▸ Directions: Nothing but the lines from the first line of the records below to the line holding "line L0 (0, 26.2631)" belongs in the answer, copied exactly and without pictures.

▸ Data extract:
=== Section Start ===

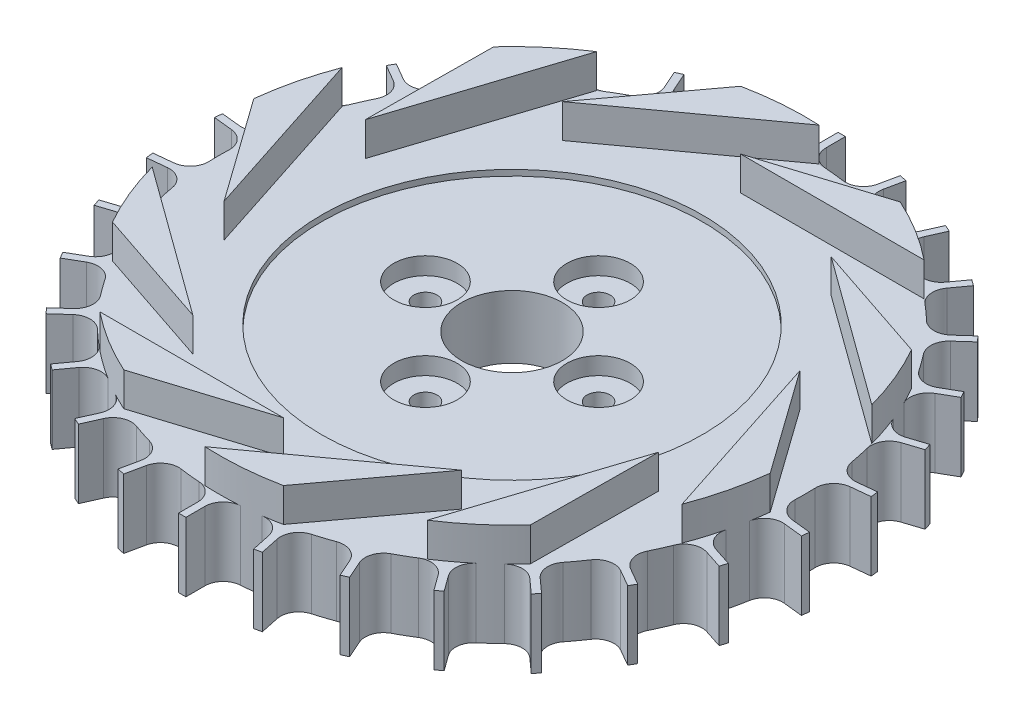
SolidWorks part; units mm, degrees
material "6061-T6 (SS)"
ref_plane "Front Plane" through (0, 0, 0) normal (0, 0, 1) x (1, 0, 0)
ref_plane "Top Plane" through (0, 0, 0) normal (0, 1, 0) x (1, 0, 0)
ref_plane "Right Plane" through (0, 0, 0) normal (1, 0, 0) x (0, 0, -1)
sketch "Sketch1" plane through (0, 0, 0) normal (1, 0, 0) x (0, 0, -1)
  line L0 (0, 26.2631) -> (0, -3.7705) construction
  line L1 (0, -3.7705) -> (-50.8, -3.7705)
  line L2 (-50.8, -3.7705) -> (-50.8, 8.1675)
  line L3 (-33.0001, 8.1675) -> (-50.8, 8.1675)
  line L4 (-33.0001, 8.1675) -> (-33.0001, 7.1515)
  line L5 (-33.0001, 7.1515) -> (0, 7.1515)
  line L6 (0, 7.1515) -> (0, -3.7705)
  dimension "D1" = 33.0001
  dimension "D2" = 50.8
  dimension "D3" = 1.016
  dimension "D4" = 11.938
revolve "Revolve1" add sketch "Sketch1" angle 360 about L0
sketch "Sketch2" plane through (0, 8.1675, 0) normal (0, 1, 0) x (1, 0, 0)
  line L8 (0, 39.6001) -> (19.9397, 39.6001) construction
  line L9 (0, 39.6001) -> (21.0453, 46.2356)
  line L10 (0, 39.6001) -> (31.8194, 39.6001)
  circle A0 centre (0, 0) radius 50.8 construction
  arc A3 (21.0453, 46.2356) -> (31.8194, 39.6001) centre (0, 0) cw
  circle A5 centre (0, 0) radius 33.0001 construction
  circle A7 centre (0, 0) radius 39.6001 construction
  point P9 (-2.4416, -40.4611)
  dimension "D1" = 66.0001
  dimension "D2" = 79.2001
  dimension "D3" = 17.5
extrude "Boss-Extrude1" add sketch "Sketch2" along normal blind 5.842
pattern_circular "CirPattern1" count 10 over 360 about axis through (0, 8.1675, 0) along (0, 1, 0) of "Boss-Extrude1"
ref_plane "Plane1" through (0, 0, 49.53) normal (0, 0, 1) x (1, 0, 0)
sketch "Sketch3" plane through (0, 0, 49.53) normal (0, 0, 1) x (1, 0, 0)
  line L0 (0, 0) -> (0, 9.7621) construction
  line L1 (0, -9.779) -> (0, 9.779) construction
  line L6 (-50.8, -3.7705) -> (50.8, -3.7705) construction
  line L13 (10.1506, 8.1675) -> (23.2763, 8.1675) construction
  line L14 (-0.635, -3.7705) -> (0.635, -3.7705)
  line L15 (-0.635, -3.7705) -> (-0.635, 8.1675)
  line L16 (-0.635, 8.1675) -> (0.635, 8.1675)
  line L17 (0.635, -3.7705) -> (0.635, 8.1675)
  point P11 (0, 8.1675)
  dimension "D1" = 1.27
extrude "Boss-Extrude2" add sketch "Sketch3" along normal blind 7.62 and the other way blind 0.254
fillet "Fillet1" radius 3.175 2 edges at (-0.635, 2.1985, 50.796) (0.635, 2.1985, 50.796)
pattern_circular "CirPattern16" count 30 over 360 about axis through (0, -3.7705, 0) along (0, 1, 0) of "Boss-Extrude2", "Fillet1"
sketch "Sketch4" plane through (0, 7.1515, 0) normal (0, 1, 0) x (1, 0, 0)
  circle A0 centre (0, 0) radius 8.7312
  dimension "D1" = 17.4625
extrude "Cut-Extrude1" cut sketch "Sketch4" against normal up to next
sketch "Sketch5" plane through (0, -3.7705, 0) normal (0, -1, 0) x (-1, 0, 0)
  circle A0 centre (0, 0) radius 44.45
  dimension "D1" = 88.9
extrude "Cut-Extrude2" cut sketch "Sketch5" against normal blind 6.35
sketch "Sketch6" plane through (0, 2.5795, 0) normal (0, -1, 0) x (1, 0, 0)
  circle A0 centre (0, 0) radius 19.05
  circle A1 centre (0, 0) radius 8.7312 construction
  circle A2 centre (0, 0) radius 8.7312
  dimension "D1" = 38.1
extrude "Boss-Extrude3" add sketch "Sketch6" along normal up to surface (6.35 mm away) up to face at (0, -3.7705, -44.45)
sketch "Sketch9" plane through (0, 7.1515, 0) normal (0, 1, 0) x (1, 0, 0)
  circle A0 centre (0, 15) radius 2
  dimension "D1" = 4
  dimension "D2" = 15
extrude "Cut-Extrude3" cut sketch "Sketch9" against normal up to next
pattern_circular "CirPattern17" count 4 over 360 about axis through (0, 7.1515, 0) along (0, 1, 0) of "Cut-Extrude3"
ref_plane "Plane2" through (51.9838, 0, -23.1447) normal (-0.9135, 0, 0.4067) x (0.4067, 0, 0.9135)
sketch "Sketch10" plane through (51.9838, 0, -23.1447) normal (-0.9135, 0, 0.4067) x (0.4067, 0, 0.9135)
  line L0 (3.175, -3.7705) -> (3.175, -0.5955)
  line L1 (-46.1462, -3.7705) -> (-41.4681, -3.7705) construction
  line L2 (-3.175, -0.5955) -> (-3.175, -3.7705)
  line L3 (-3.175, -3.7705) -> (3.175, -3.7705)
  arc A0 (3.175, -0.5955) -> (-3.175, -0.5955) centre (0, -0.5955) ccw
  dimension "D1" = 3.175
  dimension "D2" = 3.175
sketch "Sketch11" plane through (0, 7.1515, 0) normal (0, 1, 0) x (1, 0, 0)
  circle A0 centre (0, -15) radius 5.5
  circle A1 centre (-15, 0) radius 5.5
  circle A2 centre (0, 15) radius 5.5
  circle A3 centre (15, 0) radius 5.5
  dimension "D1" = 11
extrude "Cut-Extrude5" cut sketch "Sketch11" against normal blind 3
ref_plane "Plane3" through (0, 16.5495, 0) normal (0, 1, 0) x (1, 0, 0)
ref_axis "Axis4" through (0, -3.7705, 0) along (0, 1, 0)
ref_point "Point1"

=== Section End ===

▸ Response:
SolidWorks part; units mm, degrees
material "6061-T6 (SS)"
ref_plane "Front Plane" through (0, 0, 0) normal (0, 0, 1) x (1, 0, 0)
ref_plane "Top Plane" through (0, 0, 0) normal (0, 1, 0) x (1, 0, 0)
ref_plane "Right Plane" through (0, 0, 0) normal (1, 0, 0) x (0, 0, -1)
sketch "Sketch1" plane through (0, 0, 0) normal (1, 0, 0) x (0, 0, -1)
  line L0 (0, 26.2631) -> (0, -3.7705) construction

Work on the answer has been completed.